24.4.18

The White Wine List Of My Dreams


BY LAURA JANE FAULDS/ ILLUSTRATION BY JEN MAY

There are worse things to write than a wine list, but I’d rather write about a wine list, since a wine list doesn’t have enough words. Once I had a wine list where I wrote little descriptions of what the wines tasted like underneath their names, but that still wasn’t enough: when it comes to words, I need at least a thousand to really get me going.
        Now, I don’t think wine lists should have descriptions of the wines at all, especially not cutesy or clever ones. It’s pointless: there’s nothing any writer could do to stop the names of the wines from being the most beautiful words on the page. Just try and write a sentence that looks as good as, for instance, Méo-Camuzet Vosne-Romanée Premier— no— 1er Cru, or even just ‘1er Cru,’ when you write it like that, with the 1. Imagine opening up a pretty old book to any page and seeing those beautiful words written down in the middle of it. Your eye would be drawn to them. See how ugly the sentence "Your eye would be drawn to them" looks comparatively?
        So that’s the first thing I want to say about the imaginary wine list I'm writing about: it doesn’t have descriptions. And it would be shaped like a book, and bound. It’s alright when wine lists are just one long piece of paper but I hate when they’re something so precious, a clipboard or a duo-tang or whatever. Some “fresh new take” on a wine list being a wine list. Give me a break.
       The wine list I'm writing about doesn't exist because, if it did, I would have to write it, it would have to belong to my wine bar, and I don't want to have a wine bar. I’m too lazy, not rich enough, and also, I don’t really like wine bars. I go to them because I have to, because I’m a person who lives in a city in North America and likes to drink good wine— but I also think that no wine can be enjoyed to its fullest at a WINE BAR in a CITY in NORTH AMERICA. Wine tastes first-best on the vineyard where it’s made, second-best in a bar/restaurant close to where it’s made (which would probably never be called a “wine bar,” unless you’re in California), third-best in a person’s home close to where it’s made, a hundredth-best in some drippy wine bar in Cleveland or Vancouver or whatever.
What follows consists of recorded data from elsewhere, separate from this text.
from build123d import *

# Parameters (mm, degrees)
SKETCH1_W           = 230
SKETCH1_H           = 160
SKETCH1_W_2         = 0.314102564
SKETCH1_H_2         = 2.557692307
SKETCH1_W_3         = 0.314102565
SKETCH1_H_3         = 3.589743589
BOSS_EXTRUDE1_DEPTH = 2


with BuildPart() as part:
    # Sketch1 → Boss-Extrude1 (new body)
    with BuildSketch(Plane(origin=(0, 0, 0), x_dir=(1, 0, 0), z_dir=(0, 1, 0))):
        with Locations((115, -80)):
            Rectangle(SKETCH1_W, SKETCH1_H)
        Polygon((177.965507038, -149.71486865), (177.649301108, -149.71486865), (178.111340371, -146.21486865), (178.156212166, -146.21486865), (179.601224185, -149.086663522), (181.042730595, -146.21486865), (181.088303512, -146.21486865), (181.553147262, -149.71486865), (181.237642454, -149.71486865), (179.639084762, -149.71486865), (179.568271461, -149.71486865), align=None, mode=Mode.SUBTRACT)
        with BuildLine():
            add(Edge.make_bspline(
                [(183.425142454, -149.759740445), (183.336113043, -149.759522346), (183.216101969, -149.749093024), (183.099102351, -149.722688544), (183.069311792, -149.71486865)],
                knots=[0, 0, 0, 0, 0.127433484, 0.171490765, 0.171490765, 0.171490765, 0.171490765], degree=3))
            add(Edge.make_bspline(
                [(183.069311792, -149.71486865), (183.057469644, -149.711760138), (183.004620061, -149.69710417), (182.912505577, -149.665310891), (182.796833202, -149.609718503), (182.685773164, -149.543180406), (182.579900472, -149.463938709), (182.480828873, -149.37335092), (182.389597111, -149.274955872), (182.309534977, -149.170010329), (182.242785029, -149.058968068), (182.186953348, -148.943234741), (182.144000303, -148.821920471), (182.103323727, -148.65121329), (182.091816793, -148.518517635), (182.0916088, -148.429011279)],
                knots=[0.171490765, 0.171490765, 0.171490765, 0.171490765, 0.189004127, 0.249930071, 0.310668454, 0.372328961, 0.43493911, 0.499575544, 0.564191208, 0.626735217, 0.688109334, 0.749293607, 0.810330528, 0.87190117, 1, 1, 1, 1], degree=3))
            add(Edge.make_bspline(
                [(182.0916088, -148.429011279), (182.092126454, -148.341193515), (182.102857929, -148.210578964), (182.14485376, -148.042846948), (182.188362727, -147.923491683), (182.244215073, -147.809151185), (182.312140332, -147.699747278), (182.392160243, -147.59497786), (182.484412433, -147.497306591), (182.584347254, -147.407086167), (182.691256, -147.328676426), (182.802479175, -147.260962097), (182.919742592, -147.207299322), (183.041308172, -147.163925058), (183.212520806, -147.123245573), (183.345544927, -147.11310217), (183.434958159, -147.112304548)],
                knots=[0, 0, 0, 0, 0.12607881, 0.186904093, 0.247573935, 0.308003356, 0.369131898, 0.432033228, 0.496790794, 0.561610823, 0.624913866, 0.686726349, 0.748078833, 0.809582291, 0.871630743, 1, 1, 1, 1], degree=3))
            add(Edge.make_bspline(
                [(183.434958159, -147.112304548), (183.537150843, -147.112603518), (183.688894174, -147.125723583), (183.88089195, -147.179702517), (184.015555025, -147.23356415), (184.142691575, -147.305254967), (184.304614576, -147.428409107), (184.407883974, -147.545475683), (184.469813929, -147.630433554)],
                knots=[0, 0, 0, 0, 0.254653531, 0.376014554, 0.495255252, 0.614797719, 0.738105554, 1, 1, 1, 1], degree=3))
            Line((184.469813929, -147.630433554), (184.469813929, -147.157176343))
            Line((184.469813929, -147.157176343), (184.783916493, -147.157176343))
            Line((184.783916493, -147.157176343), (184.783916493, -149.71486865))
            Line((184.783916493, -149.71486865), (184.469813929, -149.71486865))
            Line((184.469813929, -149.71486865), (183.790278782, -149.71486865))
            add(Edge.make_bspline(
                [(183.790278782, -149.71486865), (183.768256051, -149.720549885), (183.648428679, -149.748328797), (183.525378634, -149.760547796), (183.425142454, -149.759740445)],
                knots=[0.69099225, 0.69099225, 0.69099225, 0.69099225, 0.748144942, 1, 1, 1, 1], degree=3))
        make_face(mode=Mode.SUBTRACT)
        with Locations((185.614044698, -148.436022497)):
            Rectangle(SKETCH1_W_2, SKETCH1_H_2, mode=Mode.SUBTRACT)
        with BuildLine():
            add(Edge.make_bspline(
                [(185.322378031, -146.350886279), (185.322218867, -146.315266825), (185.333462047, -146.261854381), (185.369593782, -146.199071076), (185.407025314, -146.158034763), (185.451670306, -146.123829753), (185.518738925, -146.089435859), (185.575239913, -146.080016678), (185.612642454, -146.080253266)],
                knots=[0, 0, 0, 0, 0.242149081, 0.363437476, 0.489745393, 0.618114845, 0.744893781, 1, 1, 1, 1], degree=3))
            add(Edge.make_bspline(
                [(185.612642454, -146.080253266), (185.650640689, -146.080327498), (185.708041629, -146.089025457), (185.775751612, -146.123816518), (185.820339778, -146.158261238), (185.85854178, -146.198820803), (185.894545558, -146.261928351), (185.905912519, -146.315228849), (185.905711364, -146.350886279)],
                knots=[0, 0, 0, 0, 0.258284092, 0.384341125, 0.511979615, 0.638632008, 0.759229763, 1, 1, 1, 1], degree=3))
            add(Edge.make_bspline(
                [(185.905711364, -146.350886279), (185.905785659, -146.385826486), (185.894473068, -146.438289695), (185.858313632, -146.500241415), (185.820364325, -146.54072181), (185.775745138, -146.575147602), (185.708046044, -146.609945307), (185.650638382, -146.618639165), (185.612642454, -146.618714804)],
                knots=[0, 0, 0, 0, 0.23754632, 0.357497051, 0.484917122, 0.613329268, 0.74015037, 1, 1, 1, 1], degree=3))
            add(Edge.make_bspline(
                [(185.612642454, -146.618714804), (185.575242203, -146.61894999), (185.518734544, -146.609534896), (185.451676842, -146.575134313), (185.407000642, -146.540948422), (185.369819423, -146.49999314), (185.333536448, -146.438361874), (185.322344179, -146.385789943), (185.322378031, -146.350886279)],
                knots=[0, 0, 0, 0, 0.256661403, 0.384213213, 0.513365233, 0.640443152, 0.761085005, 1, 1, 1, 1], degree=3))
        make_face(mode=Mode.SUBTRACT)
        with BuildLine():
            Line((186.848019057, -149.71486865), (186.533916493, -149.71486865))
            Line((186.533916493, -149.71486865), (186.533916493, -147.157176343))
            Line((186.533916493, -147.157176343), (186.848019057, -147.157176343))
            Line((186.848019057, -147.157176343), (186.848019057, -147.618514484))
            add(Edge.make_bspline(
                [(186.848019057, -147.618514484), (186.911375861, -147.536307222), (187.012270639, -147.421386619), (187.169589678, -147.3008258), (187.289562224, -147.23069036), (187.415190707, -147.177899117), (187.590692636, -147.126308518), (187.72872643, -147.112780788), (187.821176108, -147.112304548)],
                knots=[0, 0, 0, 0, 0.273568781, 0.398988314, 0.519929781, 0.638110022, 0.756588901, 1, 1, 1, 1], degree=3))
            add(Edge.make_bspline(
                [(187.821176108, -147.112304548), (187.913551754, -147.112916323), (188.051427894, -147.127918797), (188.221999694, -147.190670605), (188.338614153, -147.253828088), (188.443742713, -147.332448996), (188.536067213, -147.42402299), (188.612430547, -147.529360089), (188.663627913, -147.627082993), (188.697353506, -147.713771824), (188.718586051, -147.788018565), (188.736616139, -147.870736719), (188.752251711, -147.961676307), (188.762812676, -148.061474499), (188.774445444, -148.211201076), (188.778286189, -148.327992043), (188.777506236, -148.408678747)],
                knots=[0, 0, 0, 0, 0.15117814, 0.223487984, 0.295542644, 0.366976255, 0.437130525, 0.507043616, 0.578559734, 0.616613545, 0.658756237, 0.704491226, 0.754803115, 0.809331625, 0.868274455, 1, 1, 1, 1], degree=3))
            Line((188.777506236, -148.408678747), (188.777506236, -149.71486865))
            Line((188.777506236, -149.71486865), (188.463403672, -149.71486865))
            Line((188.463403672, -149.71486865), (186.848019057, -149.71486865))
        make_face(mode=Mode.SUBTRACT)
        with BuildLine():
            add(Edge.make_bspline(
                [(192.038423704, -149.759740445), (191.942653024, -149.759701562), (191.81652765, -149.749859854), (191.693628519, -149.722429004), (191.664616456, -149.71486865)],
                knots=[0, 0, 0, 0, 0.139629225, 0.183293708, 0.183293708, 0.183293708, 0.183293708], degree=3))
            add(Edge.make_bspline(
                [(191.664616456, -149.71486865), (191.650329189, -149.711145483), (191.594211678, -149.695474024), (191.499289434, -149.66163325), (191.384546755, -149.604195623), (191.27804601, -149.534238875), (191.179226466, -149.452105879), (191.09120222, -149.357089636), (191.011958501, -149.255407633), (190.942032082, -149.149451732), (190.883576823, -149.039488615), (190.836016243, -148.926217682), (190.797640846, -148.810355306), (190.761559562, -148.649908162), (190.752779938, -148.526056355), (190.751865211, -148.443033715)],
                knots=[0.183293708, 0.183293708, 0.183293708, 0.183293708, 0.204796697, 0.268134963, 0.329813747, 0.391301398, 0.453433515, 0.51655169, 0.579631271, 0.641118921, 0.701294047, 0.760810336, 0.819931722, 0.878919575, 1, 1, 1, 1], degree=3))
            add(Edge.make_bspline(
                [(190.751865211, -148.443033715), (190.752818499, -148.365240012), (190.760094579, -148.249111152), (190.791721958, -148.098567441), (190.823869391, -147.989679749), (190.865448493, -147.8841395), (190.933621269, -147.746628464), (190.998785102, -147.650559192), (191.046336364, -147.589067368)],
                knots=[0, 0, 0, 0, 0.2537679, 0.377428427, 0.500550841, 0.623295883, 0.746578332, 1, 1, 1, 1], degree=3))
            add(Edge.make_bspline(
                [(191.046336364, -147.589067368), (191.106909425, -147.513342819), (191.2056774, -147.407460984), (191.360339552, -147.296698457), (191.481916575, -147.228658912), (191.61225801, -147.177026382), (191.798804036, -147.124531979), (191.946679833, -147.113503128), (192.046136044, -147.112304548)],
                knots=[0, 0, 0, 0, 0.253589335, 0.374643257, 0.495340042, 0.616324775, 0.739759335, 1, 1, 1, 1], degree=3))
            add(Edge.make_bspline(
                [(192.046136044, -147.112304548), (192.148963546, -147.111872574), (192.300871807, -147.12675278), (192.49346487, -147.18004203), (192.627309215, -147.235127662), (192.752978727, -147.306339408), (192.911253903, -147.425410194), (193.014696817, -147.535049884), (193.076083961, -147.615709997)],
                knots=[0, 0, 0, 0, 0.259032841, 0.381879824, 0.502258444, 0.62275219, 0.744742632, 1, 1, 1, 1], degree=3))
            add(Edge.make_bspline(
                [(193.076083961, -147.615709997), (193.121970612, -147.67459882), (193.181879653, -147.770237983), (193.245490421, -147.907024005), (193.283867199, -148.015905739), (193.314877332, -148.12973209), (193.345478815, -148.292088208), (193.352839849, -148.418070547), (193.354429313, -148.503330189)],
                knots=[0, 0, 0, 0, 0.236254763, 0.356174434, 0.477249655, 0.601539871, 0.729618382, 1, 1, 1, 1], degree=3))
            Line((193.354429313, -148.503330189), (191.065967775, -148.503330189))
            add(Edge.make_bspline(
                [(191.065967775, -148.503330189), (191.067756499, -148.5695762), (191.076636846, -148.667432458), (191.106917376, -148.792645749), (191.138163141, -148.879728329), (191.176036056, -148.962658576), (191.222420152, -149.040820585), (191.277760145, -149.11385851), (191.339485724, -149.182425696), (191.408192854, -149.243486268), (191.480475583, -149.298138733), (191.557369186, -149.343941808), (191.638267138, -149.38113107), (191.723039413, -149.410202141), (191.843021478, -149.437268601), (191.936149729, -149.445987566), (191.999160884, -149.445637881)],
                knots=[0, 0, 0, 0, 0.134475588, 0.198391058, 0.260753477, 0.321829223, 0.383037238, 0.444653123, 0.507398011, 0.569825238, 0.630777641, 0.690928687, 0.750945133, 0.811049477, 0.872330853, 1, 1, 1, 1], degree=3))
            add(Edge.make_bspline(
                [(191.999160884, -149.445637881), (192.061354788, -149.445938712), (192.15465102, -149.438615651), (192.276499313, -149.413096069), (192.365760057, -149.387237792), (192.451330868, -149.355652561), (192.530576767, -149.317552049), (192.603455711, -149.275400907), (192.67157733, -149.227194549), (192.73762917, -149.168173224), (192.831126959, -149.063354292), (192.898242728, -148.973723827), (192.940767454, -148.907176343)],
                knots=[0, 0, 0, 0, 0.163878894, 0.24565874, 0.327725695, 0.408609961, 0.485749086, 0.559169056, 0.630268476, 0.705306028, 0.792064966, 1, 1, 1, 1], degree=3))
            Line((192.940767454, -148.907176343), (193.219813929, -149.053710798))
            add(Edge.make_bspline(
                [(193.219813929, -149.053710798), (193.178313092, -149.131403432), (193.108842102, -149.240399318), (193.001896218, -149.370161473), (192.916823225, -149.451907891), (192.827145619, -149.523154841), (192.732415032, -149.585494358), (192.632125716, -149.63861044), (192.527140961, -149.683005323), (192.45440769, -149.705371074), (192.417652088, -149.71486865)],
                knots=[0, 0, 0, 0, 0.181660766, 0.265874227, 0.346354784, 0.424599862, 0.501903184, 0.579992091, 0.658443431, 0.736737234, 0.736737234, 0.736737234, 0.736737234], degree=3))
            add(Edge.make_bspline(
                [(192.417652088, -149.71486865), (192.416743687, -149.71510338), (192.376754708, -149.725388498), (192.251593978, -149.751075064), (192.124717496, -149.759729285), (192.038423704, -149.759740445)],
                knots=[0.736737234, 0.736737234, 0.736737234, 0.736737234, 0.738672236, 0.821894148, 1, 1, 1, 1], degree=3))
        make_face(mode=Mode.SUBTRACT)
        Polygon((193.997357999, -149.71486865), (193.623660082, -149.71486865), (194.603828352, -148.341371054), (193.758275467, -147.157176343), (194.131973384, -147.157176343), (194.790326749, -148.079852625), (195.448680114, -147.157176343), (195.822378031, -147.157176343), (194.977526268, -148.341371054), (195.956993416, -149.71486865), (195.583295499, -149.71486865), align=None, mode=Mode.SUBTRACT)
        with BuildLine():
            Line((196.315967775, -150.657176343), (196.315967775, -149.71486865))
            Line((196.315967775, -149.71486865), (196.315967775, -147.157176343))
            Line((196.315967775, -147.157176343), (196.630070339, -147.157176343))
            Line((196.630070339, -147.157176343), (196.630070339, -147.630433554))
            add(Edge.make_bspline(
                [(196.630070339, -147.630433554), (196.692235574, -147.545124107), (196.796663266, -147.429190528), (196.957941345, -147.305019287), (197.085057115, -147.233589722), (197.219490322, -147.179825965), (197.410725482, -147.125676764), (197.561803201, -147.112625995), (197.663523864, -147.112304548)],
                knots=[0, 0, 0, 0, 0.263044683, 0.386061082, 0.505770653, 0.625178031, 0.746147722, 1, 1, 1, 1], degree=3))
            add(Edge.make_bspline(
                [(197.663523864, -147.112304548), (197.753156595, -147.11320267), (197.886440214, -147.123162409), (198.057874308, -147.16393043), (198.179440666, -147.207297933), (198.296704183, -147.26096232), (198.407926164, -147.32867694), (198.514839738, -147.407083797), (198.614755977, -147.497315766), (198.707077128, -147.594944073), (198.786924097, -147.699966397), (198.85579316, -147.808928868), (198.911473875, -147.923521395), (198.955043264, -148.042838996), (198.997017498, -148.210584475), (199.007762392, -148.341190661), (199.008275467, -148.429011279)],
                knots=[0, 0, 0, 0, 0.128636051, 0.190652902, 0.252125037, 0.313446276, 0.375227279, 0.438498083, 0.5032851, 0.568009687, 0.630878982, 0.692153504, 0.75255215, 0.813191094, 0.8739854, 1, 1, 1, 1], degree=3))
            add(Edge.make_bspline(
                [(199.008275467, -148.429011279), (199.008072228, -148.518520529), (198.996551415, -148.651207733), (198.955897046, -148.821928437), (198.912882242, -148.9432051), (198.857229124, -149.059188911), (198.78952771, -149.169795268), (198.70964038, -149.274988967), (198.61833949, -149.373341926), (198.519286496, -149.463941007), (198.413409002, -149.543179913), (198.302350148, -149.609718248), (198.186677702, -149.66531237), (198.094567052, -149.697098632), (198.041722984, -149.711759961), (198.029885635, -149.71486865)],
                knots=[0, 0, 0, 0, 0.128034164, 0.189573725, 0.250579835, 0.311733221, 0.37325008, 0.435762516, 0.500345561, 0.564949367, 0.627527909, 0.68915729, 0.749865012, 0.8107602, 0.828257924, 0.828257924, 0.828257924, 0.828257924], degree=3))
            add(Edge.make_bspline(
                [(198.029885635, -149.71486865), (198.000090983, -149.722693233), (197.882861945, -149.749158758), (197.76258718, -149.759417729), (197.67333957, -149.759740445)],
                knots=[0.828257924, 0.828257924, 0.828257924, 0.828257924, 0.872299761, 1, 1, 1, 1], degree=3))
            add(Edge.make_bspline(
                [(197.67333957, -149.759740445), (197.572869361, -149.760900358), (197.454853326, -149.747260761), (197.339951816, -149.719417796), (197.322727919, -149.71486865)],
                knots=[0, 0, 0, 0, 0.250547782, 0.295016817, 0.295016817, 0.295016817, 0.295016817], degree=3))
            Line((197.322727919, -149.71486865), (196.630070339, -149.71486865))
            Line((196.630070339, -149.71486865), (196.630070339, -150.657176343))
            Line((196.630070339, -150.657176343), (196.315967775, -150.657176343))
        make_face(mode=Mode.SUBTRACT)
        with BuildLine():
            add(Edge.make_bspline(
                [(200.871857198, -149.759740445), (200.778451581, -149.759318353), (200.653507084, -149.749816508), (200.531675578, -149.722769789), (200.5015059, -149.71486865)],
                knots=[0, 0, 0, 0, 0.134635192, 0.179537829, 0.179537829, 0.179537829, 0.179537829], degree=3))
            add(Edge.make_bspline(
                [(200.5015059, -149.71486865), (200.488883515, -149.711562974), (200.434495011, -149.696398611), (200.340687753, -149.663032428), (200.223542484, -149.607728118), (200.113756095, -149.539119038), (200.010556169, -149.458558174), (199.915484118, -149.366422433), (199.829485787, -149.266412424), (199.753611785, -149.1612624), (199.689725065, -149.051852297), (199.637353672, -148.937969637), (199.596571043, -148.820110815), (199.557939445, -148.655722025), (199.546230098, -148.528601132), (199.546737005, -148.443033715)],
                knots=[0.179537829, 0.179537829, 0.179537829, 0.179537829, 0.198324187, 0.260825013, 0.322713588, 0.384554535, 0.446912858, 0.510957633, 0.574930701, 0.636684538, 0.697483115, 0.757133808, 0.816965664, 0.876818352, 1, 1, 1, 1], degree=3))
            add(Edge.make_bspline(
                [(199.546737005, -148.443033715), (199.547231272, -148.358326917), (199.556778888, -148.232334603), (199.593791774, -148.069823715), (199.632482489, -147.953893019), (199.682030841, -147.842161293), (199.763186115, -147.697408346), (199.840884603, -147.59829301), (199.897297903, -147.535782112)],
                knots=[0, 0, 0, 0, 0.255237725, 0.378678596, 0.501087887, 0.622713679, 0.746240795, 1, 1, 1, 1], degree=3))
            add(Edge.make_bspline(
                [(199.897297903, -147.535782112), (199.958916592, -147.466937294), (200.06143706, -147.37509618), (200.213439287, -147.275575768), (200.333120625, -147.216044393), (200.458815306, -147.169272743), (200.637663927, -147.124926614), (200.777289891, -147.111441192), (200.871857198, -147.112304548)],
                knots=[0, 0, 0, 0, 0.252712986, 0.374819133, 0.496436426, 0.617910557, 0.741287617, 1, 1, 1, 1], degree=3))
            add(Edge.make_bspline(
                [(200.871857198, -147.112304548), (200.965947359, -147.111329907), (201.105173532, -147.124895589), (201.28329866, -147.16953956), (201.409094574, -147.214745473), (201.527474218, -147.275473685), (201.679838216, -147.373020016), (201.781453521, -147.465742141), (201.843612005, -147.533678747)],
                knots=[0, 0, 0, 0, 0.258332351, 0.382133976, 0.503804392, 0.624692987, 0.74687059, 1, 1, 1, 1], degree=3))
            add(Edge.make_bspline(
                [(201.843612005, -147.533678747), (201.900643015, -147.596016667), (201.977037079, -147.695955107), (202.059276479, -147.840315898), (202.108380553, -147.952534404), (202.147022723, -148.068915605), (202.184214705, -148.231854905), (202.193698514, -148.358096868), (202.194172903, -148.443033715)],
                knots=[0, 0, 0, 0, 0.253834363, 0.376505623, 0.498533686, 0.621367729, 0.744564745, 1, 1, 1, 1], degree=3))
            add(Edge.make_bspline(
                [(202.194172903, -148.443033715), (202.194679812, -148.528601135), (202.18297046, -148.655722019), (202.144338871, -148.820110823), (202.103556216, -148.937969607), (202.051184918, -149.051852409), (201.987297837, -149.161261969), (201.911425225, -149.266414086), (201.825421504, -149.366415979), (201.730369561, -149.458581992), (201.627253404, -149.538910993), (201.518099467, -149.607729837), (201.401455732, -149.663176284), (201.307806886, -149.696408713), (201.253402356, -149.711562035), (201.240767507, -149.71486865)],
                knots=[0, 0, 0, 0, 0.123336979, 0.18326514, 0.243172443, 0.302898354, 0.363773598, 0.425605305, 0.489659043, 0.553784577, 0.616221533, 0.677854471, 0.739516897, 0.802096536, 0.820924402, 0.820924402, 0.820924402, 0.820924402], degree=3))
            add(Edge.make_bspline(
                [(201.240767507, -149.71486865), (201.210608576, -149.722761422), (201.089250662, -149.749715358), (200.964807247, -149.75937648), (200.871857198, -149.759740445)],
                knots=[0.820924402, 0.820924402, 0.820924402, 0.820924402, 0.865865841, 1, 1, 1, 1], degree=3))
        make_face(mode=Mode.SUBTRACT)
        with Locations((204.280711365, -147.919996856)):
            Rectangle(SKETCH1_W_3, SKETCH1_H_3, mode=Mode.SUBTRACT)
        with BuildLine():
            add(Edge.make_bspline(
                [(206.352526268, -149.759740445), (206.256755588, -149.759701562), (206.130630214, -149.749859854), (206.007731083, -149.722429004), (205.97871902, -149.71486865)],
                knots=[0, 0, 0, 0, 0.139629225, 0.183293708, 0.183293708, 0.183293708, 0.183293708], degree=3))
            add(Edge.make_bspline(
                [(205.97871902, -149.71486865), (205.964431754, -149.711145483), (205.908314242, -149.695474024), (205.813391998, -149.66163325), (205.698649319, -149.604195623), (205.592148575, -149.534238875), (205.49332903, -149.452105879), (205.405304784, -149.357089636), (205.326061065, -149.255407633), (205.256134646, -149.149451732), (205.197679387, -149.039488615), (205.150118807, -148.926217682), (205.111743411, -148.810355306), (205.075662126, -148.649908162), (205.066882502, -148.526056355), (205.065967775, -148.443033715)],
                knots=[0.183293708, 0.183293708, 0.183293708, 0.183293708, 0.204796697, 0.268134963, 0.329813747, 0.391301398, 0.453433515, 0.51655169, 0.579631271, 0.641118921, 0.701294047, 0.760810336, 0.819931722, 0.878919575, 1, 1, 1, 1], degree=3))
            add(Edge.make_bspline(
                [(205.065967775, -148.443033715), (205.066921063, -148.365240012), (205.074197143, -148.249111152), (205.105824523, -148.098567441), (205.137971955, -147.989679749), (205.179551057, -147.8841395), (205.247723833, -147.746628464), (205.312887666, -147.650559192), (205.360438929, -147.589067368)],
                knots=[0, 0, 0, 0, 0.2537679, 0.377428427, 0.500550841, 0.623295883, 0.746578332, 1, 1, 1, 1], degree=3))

Whenever a new wine bar opens up in Toronto and a person tells me it’s “good,” I take it with a grain of salt. You have to assume that every wine bar in your city is necessarily an abomination, and then grade it on a curve.
        If I were ever rich enough to open up a wine bar, I’d also have to be bored. Like, the richest, boredest person you could imagine. If I were just regular rich and bored, I’d want to go work on a vineyard and do physical labour for the love of the game; if I were very rich and bored, I'd get a job working as a food runner at a restaurant. Food runner is my favourite job— it’s so easy, and you never have to talk to a person. So, in this fake scenario, I would already have had to carry out those two phases of rich person boredom for long enough that I’d have reached a point of no longer being satisfied by my food-running gig, which seems impossible, but, you know. Stranger things have happened, I guess. 
        So that’s the back-story. I’d quit my job as a fifty-five year old food runner, move back to Toronto, and open up a wine bar. I’d call it John F. Kennedy International Airport— no, John F. Kennedy Int’l Airport, Int’l, with the apostrophe. Not for any real reason: I just think it’s a solid name. And I hate when wine bar names are so transparent about the wine bar being a wine bar. Like, calm down. If your wine bar is a wine bar, we’ll figure out that it’s a wine bar. You don’t have to name it “Tannin.”
       At John F. Kennedy Int’l Airport, the wine by the glass list would be a small slip of paper paper-clipped to the front of the wine-book wine-list. It would be written in inky black Micron pen in my cutesy loopy penmanship, then photocopied using an inky-smelling Xerox machine from twenty-five years ago (or, fifty years ago, since my wine bar is set twenty-five years in the future), and the belly of the machine would overheat, and you could warm your hands on it, and when the paper printed out it would feel hot too.